Selanjutnya Mamak adat di Desa Batang Nilo Kecil melalui Kepala Desa Zulkifli menyerahkan lahan yang luasnya sekitar 540 hektar kepada Koperasi Petani Sejahtera (KPS) yang beranggotakan 220 orang.  Pada tahun 2007, PT Logoh Mitra Mandiri kontraktor yang ditunjuk oleh PT Adei membangun 24 blok kebun sawit pola KKPA Desa Batang Nilo Kecil dimana satu blok dengan blok lainnya dibatasi oleh parit kanal keliling termasuk akses jalan.

Setelah enam tahun digarap, barulah dibuat perjanjian kerjasama diantara PT Adei dengan KPS pada 17 Desember 2012 yang diketahui oleh Kepala Desa Batang Nilo Kecil.

Sejak digarap 2007 hingga Juni 2013, lahan KKPA sebanyak 24 blok tersebut ditanami sawit seluas 488 hektar dengan umur tanaman 2 hingga 6 tahun.  Blok 1, 2 dan blok 3 dari awal belum ditanam karena masih bersengketa dengan masyarakat.

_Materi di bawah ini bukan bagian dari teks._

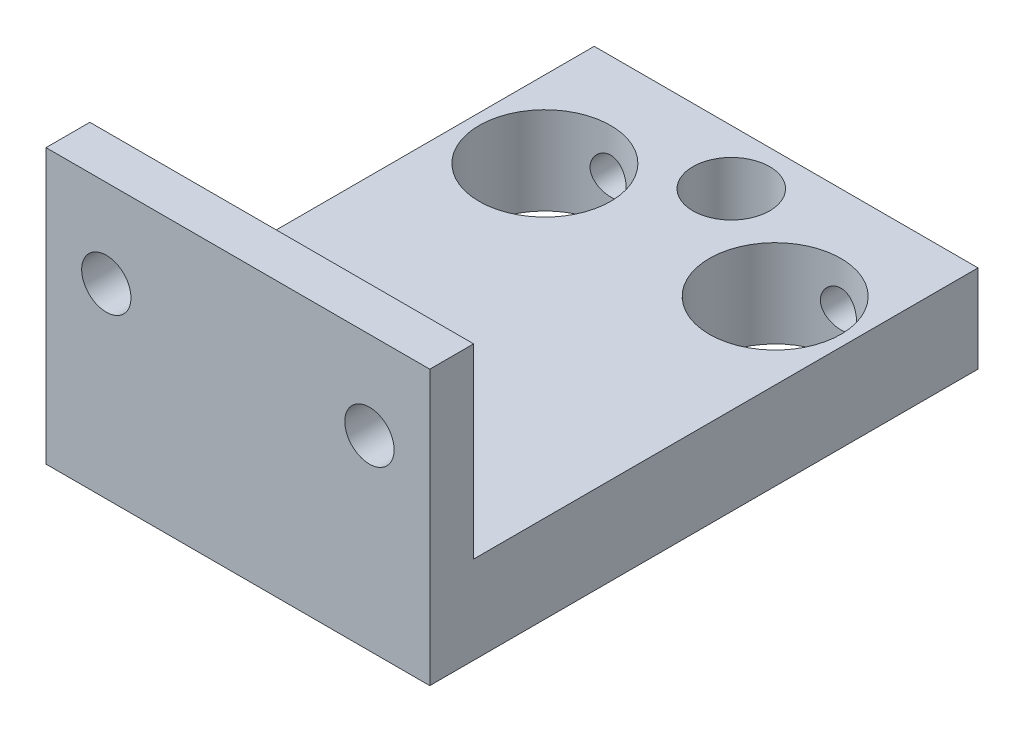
ISO-10303-21;
HEADER;
FILE_DESCRIPTION(('STEP AP214'),'2;1');
FILE_NAME('part.step','',(''),(''),'','','');
FILE_SCHEMA(('AUTOMOTIVE_DESIGN { 1 0 10303 214 1 1 1 1 }'));
ENDSEC;
DATA;
#1=APPLICATION_CONTEXT('core data for automotive mechanical design processes');
#2=APPLICATION_PROTOCOL_DEFINITION('international standard','automotive_design',2000,#1);
#3=PRODUCT_CONTEXT('',#1,'mechanical');
#4=PRODUCT('Part','Part','',(#3));
#5=PRODUCT_RELATED_PRODUCT_CATEGORY('part','',(#4));
#6=PRODUCT_DEFINITION_FORMATION('','',#4);
#7=PRODUCT_DEFINITION_CONTEXT('part definition',#1,'design');
#8=PRODUCT_DEFINITION('design','',#6,#7);
#9=PRODUCT_DEFINITION_SHAPE('','',#8);
#10=(LENGTH_UNIT() NAMED_UNIT(*) SI_UNIT(.MILLI.,.METRE.));
#11=(NAMED_UNIT(*) PLANE_ANGLE_UNIT() SI_UNIT($,.RADIAN.));
#12=(NAMED_UNIT(*) SI_UNIT($,.STERADIAN.) SOLID_ANGLE_UNIT());
#13=UNCERTAINTY_MEASURE_WITH_UNIT(LENGTH_MEASURE(1.E-05),#10,'distance_accuracy_value','');
#14=(GEOMETRIC_REPRESENTATION_CONTEXT(3) GLOBAL_UNCERTAINTY_ASSIGNED_CONTEXT((#13)) GLOBAL_UNIT_ASSIGNED_CONTEXT((#10,
#11,#12)) REPRESENTATION_CONTEXT('',''));
#15=CARTESIAN_POINT('',(0.,0.,0.));
#16=DIRECTION('',(0.,0.,1.));
#17=DIRECTION('',(1.,0.,0.));
#18=AXIS2_PLACEMENT_3D('',#15,#16,#17);
#19=CARTESIAN_POINT('',(-12.,9.,2.));
#20=DIRECTION('',(0.,0.,-1.));
#21=DIRECTION('',(-1.,0.,0.));
#22=AXIS2_PLACEMENT_3D('',#19,#20,#21);
#23=CYLINDRICAL_SURFACE('',#22,2.25);
#24=CARTESIAN_POINT('',(-12.,9.,2.));
#25=DIRECTION('',(0.,0.,-1.));
#26=DIRECTION('',(-1.,0.,0.));
#27=AXIS2_PLACEMENT_3D('',#24,#25,#26);
#28=CIRCLE('',#27,2.25);
#29=CARTESIAN_POINT('',(-14.25,9.,2.));
#30=VERTEX_POINT('',#29);
#31=EDGE_CURVE('E130',#30,#30,#28,.F.);
#32=ORIENTED_EDGE('',*,*,#31,.T.);
#33=EDGE_LOOP('',(#32));
#34=FACE_BOUND('',#33,.T.);
#35=CARTESIAN_POINT('',(-12.,9.,-2.));
#36=DIRECTION('',(0.,0.,-1.));
#37=DIRECTION('',(-1.,0.,0.));
#38=AXIS2_PLACEMENT_3D('',#35,#36,#37);
#39=CIRCLE('',#38,2.25);
#40=CARTESIAN_POINT('',(-14.25,9.,-2.));
#41=VERTEX_POINT('',#40);
#42=EDGE_CURVE('E20',#41,#41,#39,.T.);
#43=ORIENTED_EDGE('',*,*,#42,.T.);
#44=EDGE_LOOP('',(#43));
#45=FACE_BOUND('',#44,.T.);
#46=ADVANCED_FACE('F17',(#34,#45),#23,.F.);
#47=CARTESIAN_POINT('',(12.,9.,2.));
#48=DIRECTION('',(0.,0.,-1.));
#49=DIRECTION('',(-1.,0.,0.));
#50=AXIS2_PLACEMENT_3D('',#47,#48,#49);
#51=CYLINDRICAL_SURFACE('',#50,2.25);
#52=CARTESIAN_POINT('',(12.,9.,2.));
#53=DIRECTION('',(0.,0.,-1.));
#54=DIRECTION('',(-1.,0.,0.));
#55=AXIS2_PLACEMENT_3D('',#52,#53,#54);
#56=CIRCLE('',#55,2.25);
#57=CARTESIAN_POINT('',(9.75,9.,2.));
#58=VERTEX_POINT('',#57);
#59=EDGE_CURVE('E88',#58,#58,#56,.F.);
#60=ORIENTED_EDGE('',*,*,#59,.T.);
#61=EDGE_LOOP('',(#60));
#62=FACE_BOUND('',#61,.T.);
#63=CARTESIAN_POINT('',(12.,9.,-2.));
#64=DIRECTION('',(0.,0.,-1.));
#65=DIRECTION('',(-1.,0.,0.));
#66=AXIS2_PLACEMENT_3D('',#63,#64,#65);
#67=CIRCLE('',#66,2.25);
#68=CARTESIAN_POINT('',(9.75,9.,-2.));
#69=VERTEX_POINT('',#68);
#70=EDGE_CURVE('E107',#69,#69,#67,.T.);
#71=ORIENTED_EDGE('',*,*,#70,.T.);
#72=EDGE_LOOP('',(#71));
#73=FACE_BOUND('',#72,.T.);
#74=ADVANCED_FACE('F174',(#62,#73),#51,.F.);
#75=CARTESIAN_POINT('',(10.5,-4.,-48.));
#76=DIRECTION('',(0.,0.,-1.));
#77=DIRECTION('',(-1.,0.,0.));
#78=AXIS2_PLACEMENT_3D('',#75,#76,#77);
#79=CYLINDRICAL_SURFACE('',#78,1.65);
#80=CARTESIAN_POINT('',(10.5000000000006,-2.35,-42.5));
#81=CARTESIAN_POINT('',(10.4091866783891,-2.3500039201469,-42.4999975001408));
#82=CARTESIAN_POINT('',(10.3183231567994,-2.35752577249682,-42.4979169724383));
#83=CARTESIAN_POINT('',(10.1391892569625,-2.38736942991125,-42.4898145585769));
#84=CARTESIAN_POINT('',(10.05092140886,-2.40970520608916,-42.4837889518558));
#85=CARTESIAN_POINT('',(9.87963603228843,-2.46838950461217,-42.4684615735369));
#86=CARTESIAN_POINT('',(9.79661072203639,-2.50471666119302,-42.4591647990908));
#87=CARTESIAN_POINT('',(9.63784239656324,-2.59027680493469,-42.4382745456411));
#88=CARTESIAN_POINT('',(9.562099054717,-2.63950921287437,-42.4266811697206));
#89=CARTESIAN_POINT('',(9.4181761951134,-2.7507559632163,-42.4021275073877));
#90=CARTESIAN_POINT('',(9.35019997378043,-2.8130279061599,-42.3891427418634));
#91=CARTESIAN_POINT('',(9.22549792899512,-2.94805285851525,-42.3634212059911));
#92=CARTESIAN_POINT('',(9.16877596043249,-3.020809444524,-42.3506845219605));
#93=CARTESIAN_POINT('',(9.06717908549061,-3.17639868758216,-42.3266463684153));
#94=CARTESIAN_POINT('',(9.02254721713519,-3.25939519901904,-42.3153764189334));
#95=CARTESIAN_POINT('',(8.94799532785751,-3.43202252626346,-42.2959278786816));
#96=CARTESIAN_POINT('',(8.91805785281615,-3.52164532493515,-42.2877456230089));
#97=CARTESIAN_POINT('',(8.8807309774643,-3.67642396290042,-42.277387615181));
#98=CARTESIAN_POINT('',(8.86922786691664,-3.7405455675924,-42.2741359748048));
#99=CARTESIAN_POINT('',(8.85386114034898,-3.86976950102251,-42.2697738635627));
#100=CARTESIAN_POINT('',(8.84999714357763,-3.9348717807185,-42.2686632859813));
#101=CARTESIAN_POINT('',(8.85000397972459,-4.09074021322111,-42.2686682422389));
#102=CARTESIAN_POINT('',(8.85751413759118,-4.18153077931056,-42.2708309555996));
#103=CARTESIAN_POINT('',(8.88730711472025,-4.36051289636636,-42.2792258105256));
#104=CARTESIAN_POINT('',(8.90960416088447,-4.44870185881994,-42.2854618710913));
#105=CARTESIAN_POINT('',(8.96817531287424,-4.61982002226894,-42.3012433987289));
#106=CARTESIAN_POINT('',(9.00442628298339,-4.70275766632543,-42.3107833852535));
#107=CARTESIAN_POINT('',(9.08980667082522,-4.86137719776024,-42.3320907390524));
#108=CARTESIAN_POINT('',(9.13893568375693,-4.93705931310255,-42.3438580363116));
#109=CARTESIAN_POINT('',(9.25007444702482,-5.08104289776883,-42.3686452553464));
#110=CARTESIAN_POINT('',(9.31236509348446,-5.14912357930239,-42.3816884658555));
#111=CARTESIAN_POINT('',(9.44747231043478,-5.27402964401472,-42.4073603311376));
#112=CARTESIAN_POINT('',(9.5202921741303,-5.33085149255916,-42.4199888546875));
#113=CARTESIAN_POINT('',(9.67594504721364,-5.43255988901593,-42.4436716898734));
#114=CARTESIAN_POINT('',(9.75893111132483,-5.47721993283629,-42.4546945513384));
#115=CARTESIAN_POINT('',(9.93153642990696,-5.55182691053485,-42.4736383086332));
#116=CARTESIAN_POINT('',(10.0211478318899,-5.58179095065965,-42.4815628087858));
#117=CARTESIAN_POINT('',(10.1759954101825,-5.61918713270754,-42.4915824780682));
#118=CARTESIAN_POINT('',(10.2402033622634,-5.63072114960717,-42.4947223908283));
#119=CARTESIAN_POINT('',(10.3695989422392,-5.64612882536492,-42.4989320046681));
#120=CARTESIAN_POINT('',(10.4347865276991,-5.6500028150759,-42.5000017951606));
#121=CARTESIAN_POINT('',(10.5908133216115,-5.64999607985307,-42.4999975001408));
#122=CARTESIAN_POINT('',(10.6816768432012,-5.64247422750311,-42.4979169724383));
#123=CARTESIAN_POINT('',(10.8608107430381,-5.61263057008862,-42.4898145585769));
#124=CARTESIAN_POINT('',(10.9490785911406,-5.59029479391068,-42.4837889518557));
#125=CARTESIAN_POINT('',(11.1203639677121,-5.5316104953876,-42.4684615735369));
#126=CARTESIAN_POINT('',(11.2033892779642,-5.49528333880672,-42.4591647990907));
#127=CARTESIAN_POINT('',(11.3621576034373,-5.40972319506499,-42.438274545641));
#128=CARTESIAN_POINT('',(11.4379009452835,-5.36049078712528,-42.4266811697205));
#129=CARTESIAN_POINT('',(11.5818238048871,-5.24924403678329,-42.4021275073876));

Sedangkan blok 19, sebagian blok 20 dan blok 21 ditumbuhi semak belukar dan terdapat beberapa tegakan kayu hutan alam.

Tanggal 17 Juni 2013 areal sejajar blok 19 dan 20, tepatnya di sekitar Sungai Jiat terbakar, yang berlanjut esok harinya area yang sejajar dengan blok 21 juga terbakar. Semua lahan yang terbakar masuk dalam batas wilayah studi Amdal PT Adei sebagaimana disebutkan dalam dokumen RKL dan RPL nya.

Pada saat kebakaran, Danesuvaran General Manager kebun KKPA tidak memerintahkan asisten, staf asisten dan mandor di bawahnya untuk melakukan upaya pemadaman kebakaran di blok 19,20, 21.  Akibatnya, kebakaran terus merambat sampai pada tanggal 19 Juni 2013 yang membakar tanaman sawit produktif yang tumbuh pada blok 20 dan 21 yang berlokasi di seberang parit kanal sejajar dengan Sungai Jiat.

Karena sudah merambat ke lahan produktif, barulah Danesuvaran meminta Asisten KKPA Sutrisno dan stafnya Sardiman Saragih untuk memadamkan api yang membakar tanaman sawit itu. Mereka memadamkan api menggunakan ember serta mesin air. Kebakaran semakin meluas, penggunaan satu mesin air saja tidak cukup, sehingga Senior Manager Kebun Nilo Barat I membeli dan mengantar 1 unit mesin air lagi ke lokasi tanaman sawit yang terbakar.

Pada 21 Juni 2013 Danesuvaran memerintahkan operator alat berat untuk membuat isolasi dan kantong air di hutan Desa Sering untuk mencegah kebakaran tidak semakin meluas dan menghanguskan tanaman sawit produktif. Tanggal 22 Juni 2013 dibeli lagi 2 unit mesin air sehingga total 4 mesin air melakukan pemadaman di blok 20 dan 21 hingga tanggal 30 Juni 2013.  Api sendiri padam setelah turun hujan.